* PROBLEM TO WORK ON *
In the listing below, count the lines with "Continuous" and report only the figure.

* THE DATA *
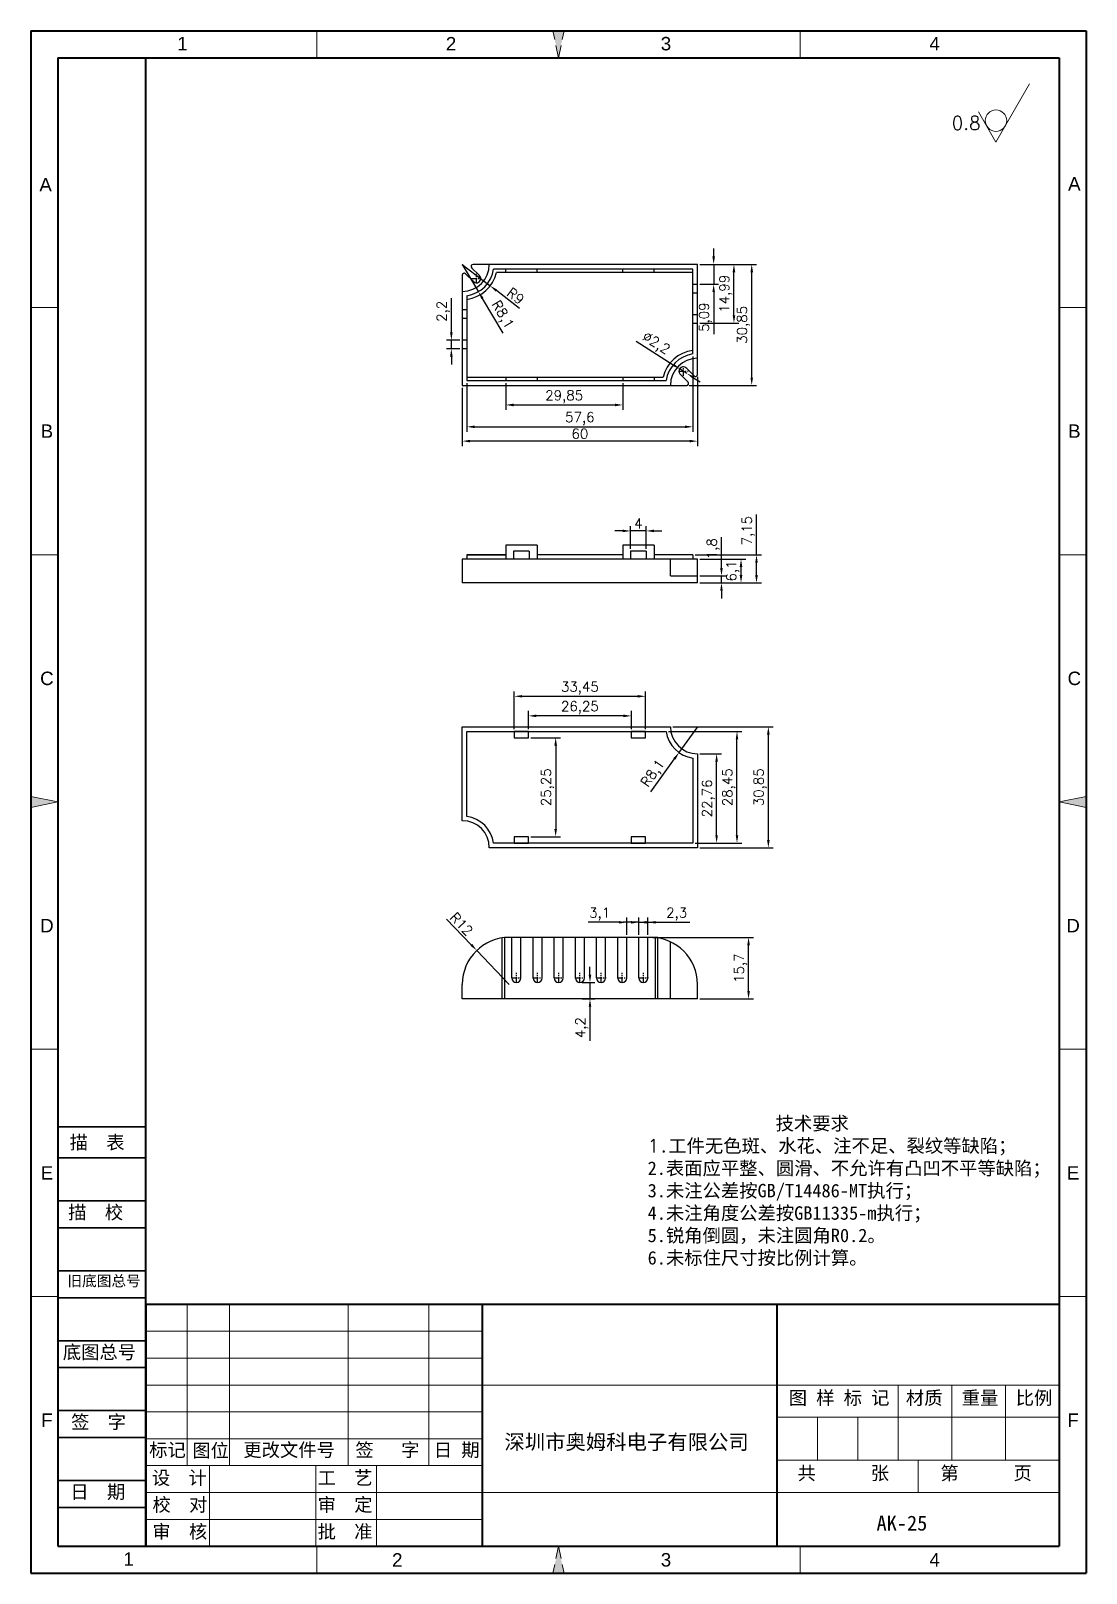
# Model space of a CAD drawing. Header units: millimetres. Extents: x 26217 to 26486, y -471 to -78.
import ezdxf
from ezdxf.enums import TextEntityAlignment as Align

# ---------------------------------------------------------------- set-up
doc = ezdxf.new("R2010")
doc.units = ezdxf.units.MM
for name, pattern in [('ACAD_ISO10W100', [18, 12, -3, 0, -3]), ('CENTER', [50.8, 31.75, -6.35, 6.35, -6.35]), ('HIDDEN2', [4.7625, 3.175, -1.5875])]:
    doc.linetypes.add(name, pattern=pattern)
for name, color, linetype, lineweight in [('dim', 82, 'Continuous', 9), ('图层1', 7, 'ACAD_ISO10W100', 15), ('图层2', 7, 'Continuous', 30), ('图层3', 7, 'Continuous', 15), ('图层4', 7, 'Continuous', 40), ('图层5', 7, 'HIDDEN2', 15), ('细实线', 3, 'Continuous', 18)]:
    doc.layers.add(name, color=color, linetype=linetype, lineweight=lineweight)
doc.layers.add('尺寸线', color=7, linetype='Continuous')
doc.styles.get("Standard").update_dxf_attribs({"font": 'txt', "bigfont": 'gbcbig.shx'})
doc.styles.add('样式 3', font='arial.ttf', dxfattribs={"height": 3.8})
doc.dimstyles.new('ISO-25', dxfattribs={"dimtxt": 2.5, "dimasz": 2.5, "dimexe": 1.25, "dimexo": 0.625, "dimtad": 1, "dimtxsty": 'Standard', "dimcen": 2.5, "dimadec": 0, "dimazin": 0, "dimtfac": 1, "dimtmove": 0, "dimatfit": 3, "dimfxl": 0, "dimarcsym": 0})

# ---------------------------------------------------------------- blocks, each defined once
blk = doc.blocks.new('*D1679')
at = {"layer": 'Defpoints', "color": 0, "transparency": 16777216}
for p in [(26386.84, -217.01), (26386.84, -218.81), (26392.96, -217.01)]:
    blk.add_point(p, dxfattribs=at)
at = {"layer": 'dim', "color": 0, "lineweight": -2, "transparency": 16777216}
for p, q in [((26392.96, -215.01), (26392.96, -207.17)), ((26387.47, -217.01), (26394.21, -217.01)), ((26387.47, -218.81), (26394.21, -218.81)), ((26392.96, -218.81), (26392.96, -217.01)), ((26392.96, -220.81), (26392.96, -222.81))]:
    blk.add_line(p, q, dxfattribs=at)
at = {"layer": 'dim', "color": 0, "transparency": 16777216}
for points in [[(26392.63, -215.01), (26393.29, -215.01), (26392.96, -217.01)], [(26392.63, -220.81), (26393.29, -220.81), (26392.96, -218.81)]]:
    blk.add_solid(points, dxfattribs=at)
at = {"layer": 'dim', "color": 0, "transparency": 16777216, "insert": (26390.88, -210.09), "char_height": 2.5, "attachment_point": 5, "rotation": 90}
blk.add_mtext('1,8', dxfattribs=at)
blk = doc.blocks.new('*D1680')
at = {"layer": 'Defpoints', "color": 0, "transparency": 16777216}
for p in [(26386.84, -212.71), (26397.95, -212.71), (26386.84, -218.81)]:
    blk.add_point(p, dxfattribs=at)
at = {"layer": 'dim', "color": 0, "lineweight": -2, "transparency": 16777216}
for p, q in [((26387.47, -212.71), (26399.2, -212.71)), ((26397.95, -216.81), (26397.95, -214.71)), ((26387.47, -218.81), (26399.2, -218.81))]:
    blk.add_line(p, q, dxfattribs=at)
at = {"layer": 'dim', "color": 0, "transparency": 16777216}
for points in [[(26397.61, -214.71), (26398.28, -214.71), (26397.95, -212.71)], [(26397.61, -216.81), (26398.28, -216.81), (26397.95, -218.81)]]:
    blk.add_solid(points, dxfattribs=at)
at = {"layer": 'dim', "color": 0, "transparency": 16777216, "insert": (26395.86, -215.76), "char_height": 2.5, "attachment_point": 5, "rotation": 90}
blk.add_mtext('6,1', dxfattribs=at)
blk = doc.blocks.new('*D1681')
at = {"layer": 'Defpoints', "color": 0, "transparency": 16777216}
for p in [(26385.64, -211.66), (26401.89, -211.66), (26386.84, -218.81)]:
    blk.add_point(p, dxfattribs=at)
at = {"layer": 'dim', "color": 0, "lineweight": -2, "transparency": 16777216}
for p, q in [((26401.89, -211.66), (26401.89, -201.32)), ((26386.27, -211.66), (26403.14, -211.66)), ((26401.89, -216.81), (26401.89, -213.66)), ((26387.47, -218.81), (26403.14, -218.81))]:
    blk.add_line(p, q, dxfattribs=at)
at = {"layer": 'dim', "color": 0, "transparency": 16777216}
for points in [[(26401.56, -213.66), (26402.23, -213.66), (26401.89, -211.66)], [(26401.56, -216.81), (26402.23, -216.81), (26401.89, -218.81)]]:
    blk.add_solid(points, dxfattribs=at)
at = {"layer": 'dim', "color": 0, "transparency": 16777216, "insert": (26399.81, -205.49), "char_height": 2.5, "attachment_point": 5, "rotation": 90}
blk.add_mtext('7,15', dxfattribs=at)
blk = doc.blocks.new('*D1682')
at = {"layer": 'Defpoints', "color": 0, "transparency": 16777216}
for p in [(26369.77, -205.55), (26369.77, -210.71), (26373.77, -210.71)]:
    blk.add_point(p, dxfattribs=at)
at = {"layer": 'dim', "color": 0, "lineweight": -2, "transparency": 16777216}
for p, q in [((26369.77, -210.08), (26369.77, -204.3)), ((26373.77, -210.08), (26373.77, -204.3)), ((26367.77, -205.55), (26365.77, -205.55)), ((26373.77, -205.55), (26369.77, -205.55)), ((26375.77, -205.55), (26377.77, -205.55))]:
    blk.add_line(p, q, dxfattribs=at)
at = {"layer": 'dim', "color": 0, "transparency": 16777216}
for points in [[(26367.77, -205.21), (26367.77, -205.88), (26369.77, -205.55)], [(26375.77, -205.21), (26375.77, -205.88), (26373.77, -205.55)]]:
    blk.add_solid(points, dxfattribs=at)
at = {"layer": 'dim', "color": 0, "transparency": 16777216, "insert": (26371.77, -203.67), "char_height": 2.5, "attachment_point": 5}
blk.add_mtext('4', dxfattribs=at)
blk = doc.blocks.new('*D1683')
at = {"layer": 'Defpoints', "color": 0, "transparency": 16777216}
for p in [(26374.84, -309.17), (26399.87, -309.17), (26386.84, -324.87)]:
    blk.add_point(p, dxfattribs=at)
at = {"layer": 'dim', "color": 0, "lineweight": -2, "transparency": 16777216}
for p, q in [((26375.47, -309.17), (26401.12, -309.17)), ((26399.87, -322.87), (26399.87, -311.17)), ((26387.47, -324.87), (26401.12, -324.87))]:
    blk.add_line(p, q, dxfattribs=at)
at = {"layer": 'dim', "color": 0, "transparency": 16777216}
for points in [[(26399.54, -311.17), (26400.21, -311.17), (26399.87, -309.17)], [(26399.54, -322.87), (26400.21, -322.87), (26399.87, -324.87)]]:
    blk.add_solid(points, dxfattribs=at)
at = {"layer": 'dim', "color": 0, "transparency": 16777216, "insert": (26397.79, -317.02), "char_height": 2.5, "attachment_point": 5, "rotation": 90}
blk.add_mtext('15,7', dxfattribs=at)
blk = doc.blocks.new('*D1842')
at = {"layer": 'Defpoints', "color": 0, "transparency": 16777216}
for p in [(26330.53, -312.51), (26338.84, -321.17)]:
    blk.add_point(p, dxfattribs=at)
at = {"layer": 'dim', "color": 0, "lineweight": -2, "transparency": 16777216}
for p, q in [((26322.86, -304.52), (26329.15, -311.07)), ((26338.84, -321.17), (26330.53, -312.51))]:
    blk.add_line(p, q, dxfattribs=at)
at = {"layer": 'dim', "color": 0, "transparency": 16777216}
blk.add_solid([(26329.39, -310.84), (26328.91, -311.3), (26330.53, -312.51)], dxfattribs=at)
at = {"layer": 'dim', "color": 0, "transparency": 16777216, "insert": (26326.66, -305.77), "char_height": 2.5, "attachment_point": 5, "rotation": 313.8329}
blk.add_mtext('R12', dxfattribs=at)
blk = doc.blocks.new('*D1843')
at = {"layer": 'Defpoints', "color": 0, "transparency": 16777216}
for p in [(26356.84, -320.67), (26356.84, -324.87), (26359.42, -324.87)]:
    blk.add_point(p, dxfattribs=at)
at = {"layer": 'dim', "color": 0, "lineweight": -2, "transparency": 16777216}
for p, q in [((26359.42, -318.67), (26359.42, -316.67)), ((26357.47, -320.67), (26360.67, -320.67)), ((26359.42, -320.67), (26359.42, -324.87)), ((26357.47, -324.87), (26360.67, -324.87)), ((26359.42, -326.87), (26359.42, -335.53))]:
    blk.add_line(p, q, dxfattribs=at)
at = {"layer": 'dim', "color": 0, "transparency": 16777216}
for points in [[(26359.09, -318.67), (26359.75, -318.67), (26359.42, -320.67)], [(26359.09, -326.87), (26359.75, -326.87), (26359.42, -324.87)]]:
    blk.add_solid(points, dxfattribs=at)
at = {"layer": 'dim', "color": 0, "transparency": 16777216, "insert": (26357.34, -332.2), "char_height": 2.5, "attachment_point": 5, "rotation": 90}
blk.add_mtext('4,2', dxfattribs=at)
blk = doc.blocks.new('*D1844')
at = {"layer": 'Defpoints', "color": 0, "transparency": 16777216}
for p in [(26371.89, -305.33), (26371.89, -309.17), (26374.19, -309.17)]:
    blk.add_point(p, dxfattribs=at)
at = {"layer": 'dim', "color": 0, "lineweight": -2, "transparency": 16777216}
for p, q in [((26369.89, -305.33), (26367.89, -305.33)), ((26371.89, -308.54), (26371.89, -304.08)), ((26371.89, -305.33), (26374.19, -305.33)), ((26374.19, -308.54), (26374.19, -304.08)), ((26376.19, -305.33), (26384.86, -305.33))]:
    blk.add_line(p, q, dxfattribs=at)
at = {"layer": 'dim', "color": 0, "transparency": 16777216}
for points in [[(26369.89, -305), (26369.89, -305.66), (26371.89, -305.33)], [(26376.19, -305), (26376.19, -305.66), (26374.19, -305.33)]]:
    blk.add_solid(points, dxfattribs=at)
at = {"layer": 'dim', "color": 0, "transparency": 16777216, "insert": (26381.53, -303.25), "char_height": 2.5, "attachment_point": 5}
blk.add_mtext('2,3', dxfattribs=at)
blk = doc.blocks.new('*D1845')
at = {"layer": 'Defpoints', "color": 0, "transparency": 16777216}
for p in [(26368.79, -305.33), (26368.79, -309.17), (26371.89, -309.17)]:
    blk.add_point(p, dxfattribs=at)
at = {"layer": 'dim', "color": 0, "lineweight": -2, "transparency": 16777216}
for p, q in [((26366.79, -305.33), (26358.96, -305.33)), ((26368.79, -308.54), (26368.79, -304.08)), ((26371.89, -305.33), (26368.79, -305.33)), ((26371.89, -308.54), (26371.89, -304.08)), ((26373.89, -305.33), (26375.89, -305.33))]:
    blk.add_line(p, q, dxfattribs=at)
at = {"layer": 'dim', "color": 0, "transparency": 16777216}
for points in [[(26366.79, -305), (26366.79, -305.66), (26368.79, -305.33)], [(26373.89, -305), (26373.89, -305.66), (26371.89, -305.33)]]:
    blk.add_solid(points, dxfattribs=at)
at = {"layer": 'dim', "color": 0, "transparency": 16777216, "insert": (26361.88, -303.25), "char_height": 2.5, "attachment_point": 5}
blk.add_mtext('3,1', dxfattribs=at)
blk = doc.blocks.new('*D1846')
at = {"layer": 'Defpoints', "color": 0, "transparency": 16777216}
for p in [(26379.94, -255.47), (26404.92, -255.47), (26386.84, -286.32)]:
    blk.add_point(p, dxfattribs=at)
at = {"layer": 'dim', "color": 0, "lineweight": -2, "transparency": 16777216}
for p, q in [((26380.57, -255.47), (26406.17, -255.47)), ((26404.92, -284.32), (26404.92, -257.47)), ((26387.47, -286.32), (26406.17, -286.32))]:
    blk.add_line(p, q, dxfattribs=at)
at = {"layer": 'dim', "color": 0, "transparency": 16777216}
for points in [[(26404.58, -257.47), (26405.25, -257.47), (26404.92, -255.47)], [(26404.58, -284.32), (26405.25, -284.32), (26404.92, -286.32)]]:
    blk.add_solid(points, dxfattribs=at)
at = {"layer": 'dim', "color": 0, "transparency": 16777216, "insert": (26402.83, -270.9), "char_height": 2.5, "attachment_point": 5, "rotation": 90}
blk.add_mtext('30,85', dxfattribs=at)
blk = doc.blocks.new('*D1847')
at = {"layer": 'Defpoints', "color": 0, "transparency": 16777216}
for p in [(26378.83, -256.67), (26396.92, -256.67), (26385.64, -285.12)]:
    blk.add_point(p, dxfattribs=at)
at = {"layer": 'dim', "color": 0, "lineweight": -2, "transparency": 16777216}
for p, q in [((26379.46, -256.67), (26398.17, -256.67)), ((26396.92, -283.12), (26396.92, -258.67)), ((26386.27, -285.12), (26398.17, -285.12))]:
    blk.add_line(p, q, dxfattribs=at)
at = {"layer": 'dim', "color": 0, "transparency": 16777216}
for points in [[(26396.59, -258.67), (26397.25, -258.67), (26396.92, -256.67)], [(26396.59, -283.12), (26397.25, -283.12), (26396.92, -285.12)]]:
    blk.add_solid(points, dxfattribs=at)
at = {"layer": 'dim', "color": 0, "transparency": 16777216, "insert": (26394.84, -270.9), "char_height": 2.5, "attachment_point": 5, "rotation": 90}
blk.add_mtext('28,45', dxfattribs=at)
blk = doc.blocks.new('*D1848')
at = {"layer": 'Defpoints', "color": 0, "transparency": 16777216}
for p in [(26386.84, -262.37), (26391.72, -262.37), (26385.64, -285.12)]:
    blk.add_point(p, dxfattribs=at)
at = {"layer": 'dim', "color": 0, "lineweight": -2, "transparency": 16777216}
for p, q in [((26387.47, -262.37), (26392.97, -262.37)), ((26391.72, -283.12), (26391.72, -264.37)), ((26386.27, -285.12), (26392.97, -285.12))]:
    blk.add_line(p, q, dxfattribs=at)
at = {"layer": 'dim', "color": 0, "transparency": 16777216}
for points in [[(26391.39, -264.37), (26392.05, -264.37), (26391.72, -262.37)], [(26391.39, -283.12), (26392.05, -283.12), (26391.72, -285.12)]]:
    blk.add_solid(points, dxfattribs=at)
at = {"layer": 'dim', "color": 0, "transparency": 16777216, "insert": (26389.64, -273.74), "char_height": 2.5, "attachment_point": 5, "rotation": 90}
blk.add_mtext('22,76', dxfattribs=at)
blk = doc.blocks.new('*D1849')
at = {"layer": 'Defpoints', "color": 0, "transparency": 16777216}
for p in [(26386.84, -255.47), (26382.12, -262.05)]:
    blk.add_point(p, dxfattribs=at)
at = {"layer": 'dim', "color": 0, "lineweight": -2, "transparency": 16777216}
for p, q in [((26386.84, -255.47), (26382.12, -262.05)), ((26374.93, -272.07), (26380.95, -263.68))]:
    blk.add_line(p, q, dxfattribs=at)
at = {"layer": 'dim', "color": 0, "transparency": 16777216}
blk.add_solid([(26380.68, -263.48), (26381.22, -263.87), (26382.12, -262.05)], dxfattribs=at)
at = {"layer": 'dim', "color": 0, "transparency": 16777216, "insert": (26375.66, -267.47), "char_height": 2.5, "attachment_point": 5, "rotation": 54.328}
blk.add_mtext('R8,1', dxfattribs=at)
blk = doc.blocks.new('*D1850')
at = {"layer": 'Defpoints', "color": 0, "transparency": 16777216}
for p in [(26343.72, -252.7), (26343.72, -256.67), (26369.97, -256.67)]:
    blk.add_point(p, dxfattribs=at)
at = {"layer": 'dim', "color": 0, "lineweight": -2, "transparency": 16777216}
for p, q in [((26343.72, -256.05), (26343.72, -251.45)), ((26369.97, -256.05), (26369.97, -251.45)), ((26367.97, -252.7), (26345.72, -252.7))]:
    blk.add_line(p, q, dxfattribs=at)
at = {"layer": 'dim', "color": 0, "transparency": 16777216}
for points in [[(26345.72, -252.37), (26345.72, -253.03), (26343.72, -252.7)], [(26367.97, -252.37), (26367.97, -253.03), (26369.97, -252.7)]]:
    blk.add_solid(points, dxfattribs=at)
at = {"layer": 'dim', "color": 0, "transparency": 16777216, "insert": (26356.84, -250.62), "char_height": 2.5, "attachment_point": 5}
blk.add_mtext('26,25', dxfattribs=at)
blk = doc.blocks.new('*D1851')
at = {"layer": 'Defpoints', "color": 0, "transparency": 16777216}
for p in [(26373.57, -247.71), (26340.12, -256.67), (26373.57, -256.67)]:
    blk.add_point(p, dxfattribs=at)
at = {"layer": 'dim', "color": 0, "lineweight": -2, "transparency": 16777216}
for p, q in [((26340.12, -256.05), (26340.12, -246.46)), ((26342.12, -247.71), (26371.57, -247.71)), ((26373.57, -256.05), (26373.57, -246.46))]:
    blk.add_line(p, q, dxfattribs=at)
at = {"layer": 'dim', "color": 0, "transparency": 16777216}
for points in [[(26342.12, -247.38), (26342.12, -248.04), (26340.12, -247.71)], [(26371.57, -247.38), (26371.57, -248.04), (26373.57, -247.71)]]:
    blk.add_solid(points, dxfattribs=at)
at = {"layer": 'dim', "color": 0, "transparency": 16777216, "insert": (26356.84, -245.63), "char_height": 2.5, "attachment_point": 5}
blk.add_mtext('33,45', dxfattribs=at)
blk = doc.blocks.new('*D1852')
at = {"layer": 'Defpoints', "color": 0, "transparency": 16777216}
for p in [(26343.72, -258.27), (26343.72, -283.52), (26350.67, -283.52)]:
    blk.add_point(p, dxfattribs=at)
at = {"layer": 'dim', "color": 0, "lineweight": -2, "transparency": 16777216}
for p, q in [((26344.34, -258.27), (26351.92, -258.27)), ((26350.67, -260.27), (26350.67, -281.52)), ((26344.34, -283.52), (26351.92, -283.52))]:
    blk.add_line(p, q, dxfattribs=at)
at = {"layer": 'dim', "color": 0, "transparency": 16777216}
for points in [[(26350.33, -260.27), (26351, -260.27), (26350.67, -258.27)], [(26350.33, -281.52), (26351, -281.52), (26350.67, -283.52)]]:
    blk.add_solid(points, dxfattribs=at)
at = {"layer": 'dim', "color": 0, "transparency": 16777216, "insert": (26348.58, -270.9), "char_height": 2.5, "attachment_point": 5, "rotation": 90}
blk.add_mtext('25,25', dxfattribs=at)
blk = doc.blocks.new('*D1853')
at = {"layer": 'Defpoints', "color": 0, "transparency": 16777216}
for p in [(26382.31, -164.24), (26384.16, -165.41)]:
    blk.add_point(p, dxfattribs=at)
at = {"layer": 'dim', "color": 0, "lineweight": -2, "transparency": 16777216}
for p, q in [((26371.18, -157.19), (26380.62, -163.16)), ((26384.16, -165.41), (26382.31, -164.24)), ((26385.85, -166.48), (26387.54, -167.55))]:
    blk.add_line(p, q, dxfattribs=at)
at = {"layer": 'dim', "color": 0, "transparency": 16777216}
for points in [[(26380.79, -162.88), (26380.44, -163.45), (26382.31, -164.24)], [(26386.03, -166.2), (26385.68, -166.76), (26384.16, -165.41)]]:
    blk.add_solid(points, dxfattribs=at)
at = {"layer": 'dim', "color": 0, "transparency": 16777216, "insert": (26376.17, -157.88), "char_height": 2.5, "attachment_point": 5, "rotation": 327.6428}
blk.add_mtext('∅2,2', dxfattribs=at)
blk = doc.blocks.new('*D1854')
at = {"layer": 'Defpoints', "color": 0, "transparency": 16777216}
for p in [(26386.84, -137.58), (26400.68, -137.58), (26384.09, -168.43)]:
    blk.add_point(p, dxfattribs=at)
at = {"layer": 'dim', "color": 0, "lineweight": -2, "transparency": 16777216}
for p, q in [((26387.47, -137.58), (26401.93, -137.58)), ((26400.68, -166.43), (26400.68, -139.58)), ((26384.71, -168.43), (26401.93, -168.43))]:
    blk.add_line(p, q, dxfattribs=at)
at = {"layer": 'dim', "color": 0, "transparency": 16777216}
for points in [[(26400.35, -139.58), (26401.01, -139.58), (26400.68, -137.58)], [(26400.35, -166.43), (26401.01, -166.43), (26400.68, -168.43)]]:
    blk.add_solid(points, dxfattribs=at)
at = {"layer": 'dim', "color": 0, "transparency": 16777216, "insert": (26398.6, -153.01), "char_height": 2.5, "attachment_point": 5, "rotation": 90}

* EXERCISE RESPONSE *
2